Input material START

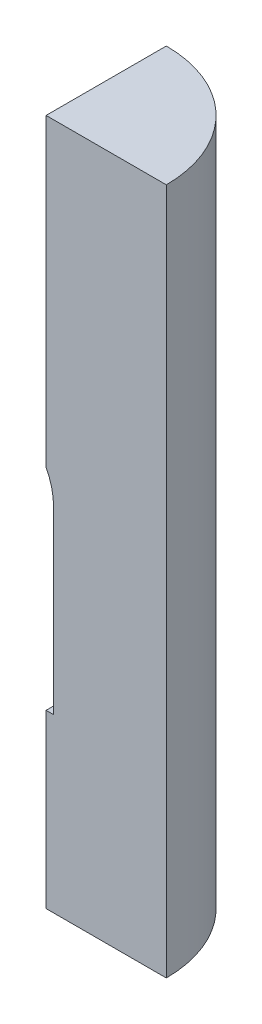
ISO-10303-21;
HEADER;
FILE_DESCRIPTION(('STEP AP214'),'2;1');
FILE_NAME('part.step','',(''),(''),'','','');
FILE_SCHEMA(('AUTOMOTIVE_DESIGN { 1 0 10303 214 1 1 1 1 }'));
ENDSEC;
DATA;
#1=APPLICATION_CONTEXT('core data for automotive mechanical design processes');
#2=APPLICATION_PROTOCOL_DEFINITION('international standard','automotive_design',2000,#1);
#3=PRODUCT_CONTEXT('',#1,'mechanical');
#4=PRODUCT('Part','Part','',(#3));
#5=PRODUCT_RELATED_PRODUCT_CATEGORY('part','',(#4));
#6=PRODUCT_DEFINITION_FORMATION('','',#4);
#7=PRODUCT_DEFINITION_CONTEXT('part definition',#1,'design');
#8=PRODUCT_DEFINITION('design','',#6,#7);
#9=PRODUCT_DEFINITION_SHAPE('','',#8);
#10=(LENGTH_UNIT() NAMED_UNIT(*) SI_UNIT(.MILLI.,.METRE.));
#11=(NAMED_UNIT(*) PLANE_ANGLE_UNIT() SI_UNIT($,.RADIAN.));
#12=(NAMED_UNIT(*) SI_UNIT($,.STERADIAN.) SOLID_ANGLE_UNIT());
#13=UNCERTAINTY_MEASURE_WITH_UNIT(LENGTH_MEASURE(1.E-05),#10,'distance_accuracy_value','');
#14=(GEOMETRIC_REPRESENTATION_CONTEXT(3) GLOBAL_UNCERTAINTY_ASSIGNED_CONTEXT((#13)) GLOBAL_UNIT_ASSIGNED_CONTEXT((#10,
#11,#12)) REPRESENTATION_CONTEXT('',''));
#15=CARTESIAN_POINT('',(0.,0.,0.));
#16=DIRECTION('',(0.,0.,1.));
#17=DIRECTION('',(1.,0.,0.));
#18=AXIS2_PLACEMENT_3D('',#15,#16,#17);
#19=CARTESIAN_POINT('',(0.,3000.,0.));
#20=DIRECTION('',(1.,0.,0.));
#21=DIRECTION('',(0.,0.,-1.));
#22=AXIS2_PLACEMENT_3D('',#19,#20,#21);
#23=PLANE('',#22);
#24=DIRECTION('',(0.,0.,1.));
#25=VECTOR('',#24,1.);
#26=CARTESIAN_POINT('',(0.,0.,0.));
#27=LINE('',#26,#25);
#28=CARTESIAN_POINT('',(0.,0.,-43.5));
#29=VERTEX_POINT('',#28);
#30=CARTESIAN_POINT('',(0.,0.,0.));
#31=VERTEX_POINT('',#30);
#32=EDGE_CURVE('E444',#29,#31,#27,.T.);
#33=ORIENTED_EDGE('',*,*,#32,.F.);
#34=DIRECTION('',(0.,1.,0.));
#35=VECTOR('',#34,1.);
#36=CARTESIAN_POINT('',(0.,1225.,-43.5));
#37=LINE('',#36,#35);
#38=CARTESIAN_POINT('',(0.,1050.,-43.5));
#39=VERTEX_POINT('',#38);
#40=EDGE_CURVE('E437',#39,#29,#37,.F.);
#41=ORIENTED_EDGE('',*,*,#40,.F.);
#42=CARTESIAN_POINT('',(0.,1050.,330.261494252874));
#43=DIRECTION('',(1.,0.,0.));
#44=DIRECTION('',(0.,0.,-1.));
#45=AXIS2_PLACEMENT_3D('',#42,#43,#44);
#46=CIRCLE('',#45,373.761494252874);
#47=CARTESIAN_POINT('',(0.,1225.,0.));
#48=VERTEX_POINT('',#47);
#49=EDGE_CURVE('E440',#48,#39,#46,.F.);
#50=ORIENTED_EDGE('',*,*,#49,.F.);
#51=DIRECTION('',(0.,-1.,0.));
#52=VECTOR('',#51,1.);
#53=CARTESIAN_POINT('',(0.,3000.,0.));
#54=LINE('',#53,#52);
#55=CARTESIAN_POINT('',(0.,3000.,0.));
#56=VERTEX_POINT('',#55);
#57=EDGE_CURVE('E467',#56,#48,#54,.T.);
#58=ORIENTED_EDGE('',*,*,#57,.F.);
#59=DIRECTION('',(0.,0.,1.));
#60=VECTOR('',#59,1.);
#61=CARTESIAN_POINT('',(0.,3000.,0.));
#62=LINE('',#61,#60);
#63=CARTESIAN_POINT('',(0.,3000.,-700.));
#64=VERTEX_POINT('',#63);
#65=EDGE_CURVE('E455',#64,#56,#62,.T.);
#66=ORIENTED_EDGE('',*,*,#65,.F.);
#67=DIRECTION('',(0.,-1.,0.));
#68=VECTOR('',#67,1.);
#69=CARTESIAN_POINT('',(0.,3000.,-700.));
#70=LINE('',#69,#68);
#71=CARTESIAN_POINT('',(0.,-1000.,-700.));
#72=VERTEX_POINT('',#71);
#73=EDGE_CURVE('E462',#64,#72,#70,.T.);
#74=ORIENTED_EDGE('',*,*,#73,.T.);
#75=DIRECTION('',(0.,0.,1.));
#76=VECTOR('',#75,1.);
#77=CARTESIAN_POINT('',(0.,-1000.,0.));
#78=LINE('',#77,#76);
#79=CARTESIAN_POINT('',(0.,-1000.,0.));
#80=VERTEX_POINT('',#79);
#81=EDGE_CURVE('E446',#72,#80,#78,.T.);
#82=ORIENTED_EDGE('',*,*,#81,.T.);
#83=EDGE_CURVE('E466',#31,#80,#54,.T.);
#84=ORIENTED_EDGE('',*,*,#83,.F.);
#85=EDGE_LOOP('',(#33,#41,#50,#58,#66,#74,#82,#84));
#86=FACE_BOUND('',#85,.T.);
#87=ADVANCED_FACE('F97',(#86),#23,.F.);
#88=CARTESIAN_POINT('',(700.,3000.,0.));
#89=DIRECTION('',(0.,0.,-1.));
#90=DIRECTION('',(-1.,0.,0.));
#91=AXIS2_PLACEMENT_3D('',#88,#89,#90);
#92=PLANE('',#91);
#93=DIRECTION('',(1.,0.,0.));
#94=VECTOR('',#93,1.);
#95=CARTESIAN_POINT('',(700.,0.,0.));
#96=LINE('',#95,#94);
#97=CARTESIAN_POINT('',(43.5,0.,0.));
#98=VERTEX_POINT('',#97);
#99=EDGE_CURVE('E399',#31,#98,#96,.T.);
#100=ORIENTED_EDGE('',*,*,#99,.F.);
#101=ORIENTED_EDGE('',*,*,#83,.T.);
#102=DIRECTION('',(1.,0.,0.));
#103=VECTOR('',#102,1.);
#104=CARTESIAN_POINT('',(700.,-1000.,0.));
#105=LINE('',#104,#103);
#106=CARTESIAN_POINT('',(700.,-1000.,0.));
#107=VERTEX_POINT('',#106);
#108=EDGE_CURVE('E449',#80,#107,#105,.T.);
#109=ORIENTED_EDGE('',*,*,#108,.T.);
#110=DIRECTION('',(0.,-1.,0.));
#111=VECTOR('',#110,1.);
#112=CARTESIAN_POINT('',(700.,3000.,0.));
#113=LINE('',#112,#111);
#114=CARTESIAN_POINT('',(700.,3000.,0.));
#115=VERTEX_POINT('',#114);
#116=EDGE_CURVE('E464',#115,#107,#113,.T.);
#117=ORIENTED_EDGE('',*,*,#116,.F.);
#118=DIRECTION('',(1.,0.,0.));
#119=VECTOR('',#118,1.);
#120=CARTESIAN_POINT('',(700.,3000.,0.));
#121=LINE('',#120,#119);
#122=EDGE_CURVE('E458',#56,#115,#121,.T.);
#123=ORIENTED_EDGE('',*,*,#122,.F.);
#124=ORIENTED_EDGE('',*,*,#57,.T.);
#125=CARTESIAN_POINT('',(-330.261494252874,1050.,0.));
#126=DIRECTION('',(0.,0.,-1.));
#127=DIRECTION('',(-1.,0.,0.));
#128=AXIS2_PLACEMENT_3D('',#125,#126,#127);
#129=CIRCLE('',#128,373.761494252874);
#130=CARTESIAN_POINT('',(43.5,1050.,0.));
#131=VERTEX_POINT('',#130);
#132=EDGE_CURVE('E470',#131,#48,#129,.F.);
#133=ORIENTED_EDGE('',*,*,#132,.F.);
#134=DIRECTION('',(0.,1.,0.));
#135=VECTOR('',#134,1.);
#136=CARTESIAN_POINT('',(43.5,1225.,0.));
#137=LINE('',#136,#135);
#138=EDGE_CURVE('E471',#98,#131,#137,.T.);
#139=ORIENTED_EDGE('',*,*,#138,.F.);
#140=EDGE_LOOP('',(#100,#101,#109,#117,#123,#124,#133,#139));
#141=FACE_BOUND('',#140,.T.);
#142=ADVANCED_FACE('F477',(#141),#92,.F.);
#143=CARTESIAN_POINT('',(0.,3000.,0.));
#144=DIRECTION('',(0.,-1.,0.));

Input material END

**Assignment:**
In the entries above, find the line holding "#69=CARTESIAN_POINT('',(0.,3000.,-700.));" and the line holding "#114=CARTESIAN_POINT('',(700.,3000.,0.));"; print both of them and every line between, exactly, and nothing else.

**Written answer:**
#69=CARTESIAN_POINT('',(0.,3000.,-700.));
#70=LINE('',#69,#68);
#71=CARTESIAN_POINT('',(0.,-1000.,-700.));
#72=VERTEX_POINT('',#71);
#73=EDGE_CURVE('E462',#64,#72,#70,.T.);
#74=ORIENTED_EDGE('',*,*,#73,.T.);
#75=DIRECTION('',(0.,0.,1.));
#76=VECTOR('',#75,1.);
#77=CARTESIAN_POINT('',(0.,-1000.,0.));
#78=LINE('',#77,#76);
#79=CARTESIAN_POINT('',(0.,-1000.,0.));
#80=VERTEX_POINT('',#79);
#81=EDGE_CURVE('E446',#72,#80,#78,.T.);
#82=ORIENTED_EDGE('',*,*,#81,.T.);
#83=EDGE_CURVE('E466',#31,#80,#54,.T.);
#84=ORIENTED_EDGE('',*,*,#83,.F.);
#85=EDGE_LOOP('',(#33,#41,#50,#58,#66,#74,#82,#84));
#86=FACE_BOUND('',#85,.T.);
#87=ADVANCED_FACE('F97',(#86),#23,.F.);
#88=CARTESIAN_POINT('',(700.,3000.,0.));
#89=DIRECTION('',(0.,0.,-1.));
#90=DIRECTION('',(-1.,0.,0.));
#91=AXIS2_PLACEMENT_3D('',#88,#89,#90);
#92=PLANE('',#91);
#93=DIRECTION('',(1.,0.,0.));
#94=VECTOR('',#93,1.);
#95=CARTESIAN_POINT('',(700.,0.,0.));
#96=LINE('',#95,#94);
#97=CARTESIAN_POINT('',(43.5,0.,0.));
#98=VERTEX_POINT('',#97);
#99=EDGE_CURVE('E399',#31,#98,#96,.T.);
#100=ORIENTED_EDGE('',*,*,#99,.F.);
#101=ORIENTED_EDGE('',*,*,#83,.T.);
#102=DIRECTION('',(1.,0.,0.));
#103=VECTOR('',#102,1.);
#104=CARTESIAN_POINT('',(700.,-1000.,0.));
#105=LINE('',#104,#103);
#106=CARTESIAN_POINT('',(700.,-1000.,0.));
#107=VERTEX_POINT('',#106);
#108=EDGE_CURVE('E449',#80,#107,#105,.T.);
#109=ORIENTED_EDGE('',*,*,#108,.T.);
#110=DIRECTION('',(0.,-1.,0.));
#111=VECTOR('',#110,1.);
#112=CARTESIAN_POINT('',(700.,3000.,0.));
#113=LINE('',#112,#111);
#114=CARTESIAN_POINT('',(700.,3000.,0.));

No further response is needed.